余人也自寻了位置入席。一席约莫三四人,云低略略看了一下,今日的小宴实在盛大,除却添茶倒水的仆婢竟仍有三四十之多。零星散落在林中铺了偌大一片。时下士人最爱清谈,三五不时的聚会很繁多,但一般都是几个人的小宴更便于交谈,像这种规模的宴会并不多见。
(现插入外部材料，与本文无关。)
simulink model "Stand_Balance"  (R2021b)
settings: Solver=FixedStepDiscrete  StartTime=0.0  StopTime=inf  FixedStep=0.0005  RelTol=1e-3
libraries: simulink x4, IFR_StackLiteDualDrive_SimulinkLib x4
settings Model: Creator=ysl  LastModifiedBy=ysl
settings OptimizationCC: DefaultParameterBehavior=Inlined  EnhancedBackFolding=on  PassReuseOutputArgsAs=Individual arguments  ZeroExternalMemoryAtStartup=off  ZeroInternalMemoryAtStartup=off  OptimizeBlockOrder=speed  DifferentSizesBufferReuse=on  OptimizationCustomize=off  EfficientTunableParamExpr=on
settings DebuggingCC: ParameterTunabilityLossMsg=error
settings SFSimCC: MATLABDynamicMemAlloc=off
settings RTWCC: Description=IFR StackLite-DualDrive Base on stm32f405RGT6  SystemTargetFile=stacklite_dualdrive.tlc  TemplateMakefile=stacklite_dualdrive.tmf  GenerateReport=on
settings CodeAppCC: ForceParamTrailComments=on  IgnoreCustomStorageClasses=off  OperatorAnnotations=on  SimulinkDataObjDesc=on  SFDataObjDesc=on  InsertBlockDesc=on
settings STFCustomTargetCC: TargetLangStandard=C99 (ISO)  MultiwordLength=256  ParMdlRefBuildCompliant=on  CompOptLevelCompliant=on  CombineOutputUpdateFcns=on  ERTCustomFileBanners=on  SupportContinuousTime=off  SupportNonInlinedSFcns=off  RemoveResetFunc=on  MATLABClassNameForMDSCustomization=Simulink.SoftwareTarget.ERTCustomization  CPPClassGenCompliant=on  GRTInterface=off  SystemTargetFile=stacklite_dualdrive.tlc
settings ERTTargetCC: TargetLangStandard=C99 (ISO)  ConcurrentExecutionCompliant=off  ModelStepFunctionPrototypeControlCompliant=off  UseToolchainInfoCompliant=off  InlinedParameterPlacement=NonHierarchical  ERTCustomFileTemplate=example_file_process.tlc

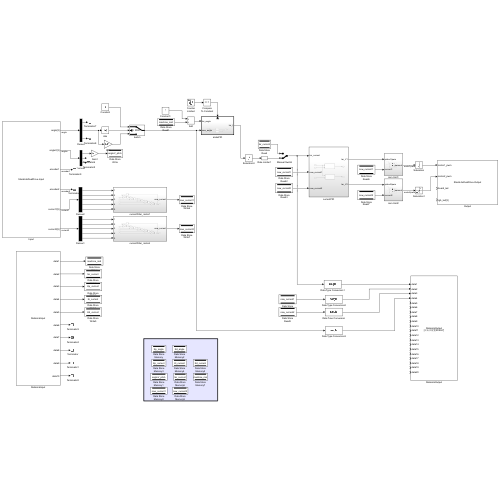
[thumbnail: Simulink's stored preview of the top-level diagram]
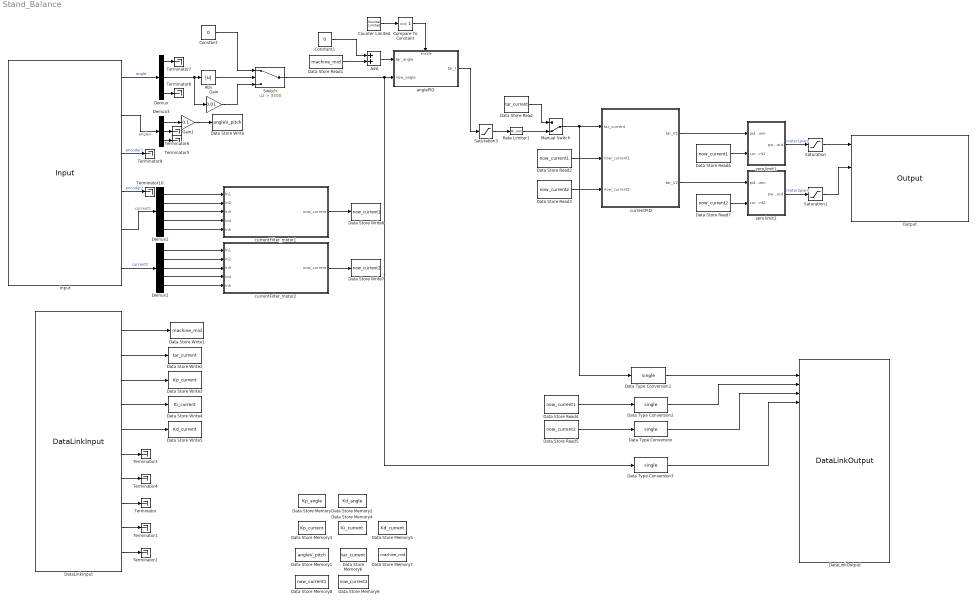
== system Stand_Balance ==
  Abs : Abs
  Add : Sum
  Compare To Constant : simulink/Logic and Bit Operations/Compare To Constant  relop===  const=1  OutDataTypeStr=boolean
  Constant : Constant  Value=0
  Constant1 : Constant  Value=0
  Counter Limited : simulink/Sources/Counter Limited  uplimit=1  tsamp=-1
  Data Store Memory : DataStoreMemory  DataStoreName=Kp_angle  ReadBeforeWriteMsg=warning  WriteAfterWriteMsg=warning  WriteAfterReadMsg=warning  ShowAdditionalParam=off
  Data Store Memory1 : DataStoreMemory  DataStoreName=angleV_pitch  ReadBeforeWriteMsg=warning  WriteAfterWriteMsg=warning  WriteAfterReadMsg=warning  ShowAdditionalParam=off
  Data Store Memory2 : DataStoreMemory  DataStoreName=Kd_angle  ReadBeforeWriteMsg=warning  WriteAfterWriteMsg=warning  WriteAfterReadMsg=warning  ShowAdditionalParam=off
  Data Store Memory3 : DataStoreMemory  DataStoreName=Kp_current  ReadBeforeWriteMsg=warning  WriteAfterWriteMsg=warning  WriteAfterReadMsg=warning  ShowAdditionalParam=off
  Data Store Memory4 : DataStoreMemory  DataStoreName=Ki_current  ReadBeforeWriteMsg=warning  WriteAfterWriteMsg=warning  WriteAfterReadMsg=warning  ShowAdditionalParam=off
  Data Store Memory5 : DataStoreMemory  DataStoreName=Kd_current  ReadBeforeWriteMsg=warning  WriteAfterWriteMsg=warning  WriteAfterReadMsg=warning  ShowAdditionalParam=off
  Data Store Memory6 : DataStoreMemory  DataStoreName=tar_current  ReadBeforeWriteMsg=warning  WriteAfterWriteMsg=warning  WriteAfterReadMsg=warning  ShowAdditionalParam=off
  Data Store Memory7 : DataStoreMemory  DataStoreName=machine_mid  ReadBeforeWriteMsg=warning  WriteAfterWriteMsg=warning  WriteAfterReadMsg=warning  ShowAdditionalParam=off
  Data Store Memory8 : DataStoreMemory  DataStoreName=now_current1  ReadBeforeWriteMsg=warning  WriteAfterWriteMsg=warning  WriteAfterReadMsg=warning  ShowAdditionalParam=off
  Data Store Memory9 : DataStoreMemory  DataStoreName=now_current2  ReadBeforeWriteMsg=warning  WriteAfterWriteMsg=warning  WriteAfterReadMsg=warning  ShowAdditionalParam=off
  Data Store Read : DataStoreRead  DataStoreName=tar_current  IndexOptions=Index vector (dialog)  Indices=1  OutputSizes=1
  Data Store Read1 : DataStoreRead  DataStoreName=machine_mid  IndexOptions=Index vector (dialog)  Indices=1  OutputSizes=1
  Data Store Read2 : DataStoreRead  DataStoreName=now_current1  IndexOptions=Index vector (dialog)  Indices=1  OutputSizes=1
  Data Store Read3 : DataStoreRead  DataStoreName=now_current2  IndexOptions=Index vector (dialog)  Indices=1  OutputSizes=1
  Data Store Read4 : DataStoreRead  DataStoreName=now_current1  IndexOptions=Index vector (dialog)  Indices=1  OutputSizes=1
  Data Store Read5 : DataStoreRead  DataStoreName=now_current2  IndexOptions=Index vector (dialog)  Indices=1  OutputSizes=1
  Data Store Read6 : DataStoreRead  DataStoreName=now_current1  IndexOptions=Index vector (dialog)  Indices=1  OutputSizes=1
  Data Store Read7 : DataStoreRead  DataStoreName=now_current2  IndexOptions=Index vector (dialog)  Indices=1  OutputSizes=1
  Data Store Write : DataStoreWrite  DataStoreName=angleV_pitch  IndexOptions=Index vector (dialog)  Indices=1  OutputSizes=1
  Data Store Write1 : DataStoreWrite  DataStoreName=machine_mid  IndexOptions=Index vector (dialog)  Indices=1  OutputSizes=1
  Data Store Write2 : DataStoreWrite  DataStoreName=tar_current  IndexOptions=Index vector (dialog)  Indices=1  OutputSizes=1
  Data Store Write3 : DataStoreWrite  DataStoreName=Kp_current  IndexOptions=Index vector (dialog)  Indices=1  OutputSizes=1
  Data Store Write4 : DataStoreWrite  DataStoreName=Ki_current  IndexOptions=Index vector (dialog)  Indices=1  OutputSizes=1
  Data Store Write5 : DataStoreWrite  DataStoreName=Kd_current  IndexOptions=Index vector (dialog)  Indices=1  OutputSizes=1
  Data Store Write6 : DataStoreWrite  DataStoreName=now_current1  IndexOptions=Index vector (dialog)  Indices=1  OutputSizes=1
  Data Store Write7 : DataStoreWrite  DataStoreName=now_current2  IndexOptions=Index vector (dialog)  Indices=1  OutputSizes=1
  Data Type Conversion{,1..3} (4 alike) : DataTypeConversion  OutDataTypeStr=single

苑碧带着云低捡了离众人稍远的一席入座,想来是为了云低更不引人注目。
才刚坐定,一团阴影笼罩过来,云低稍一抬头不意外地看见王良和那蓝衣少年朝旁边的席位走来。
蓝衣的少年见云低望来,灿然一笑。这笑容不似王良,只是冬阳融化冰雪后凉薄的暖意。它带了一种奇异的力量,让人觉得虽天气晦暗,依然如沐春风般。就好似……对了,就好似许久前那个吹叶笛的少年,笑容里满是安抚的力量。然则,吹叶笛的少年那笑容,是温和宜人的,让人不自觉想回其一笑。而这少年的笑,似拨开云雾般的耀眼璀璨,甚至让人无法直视其容光。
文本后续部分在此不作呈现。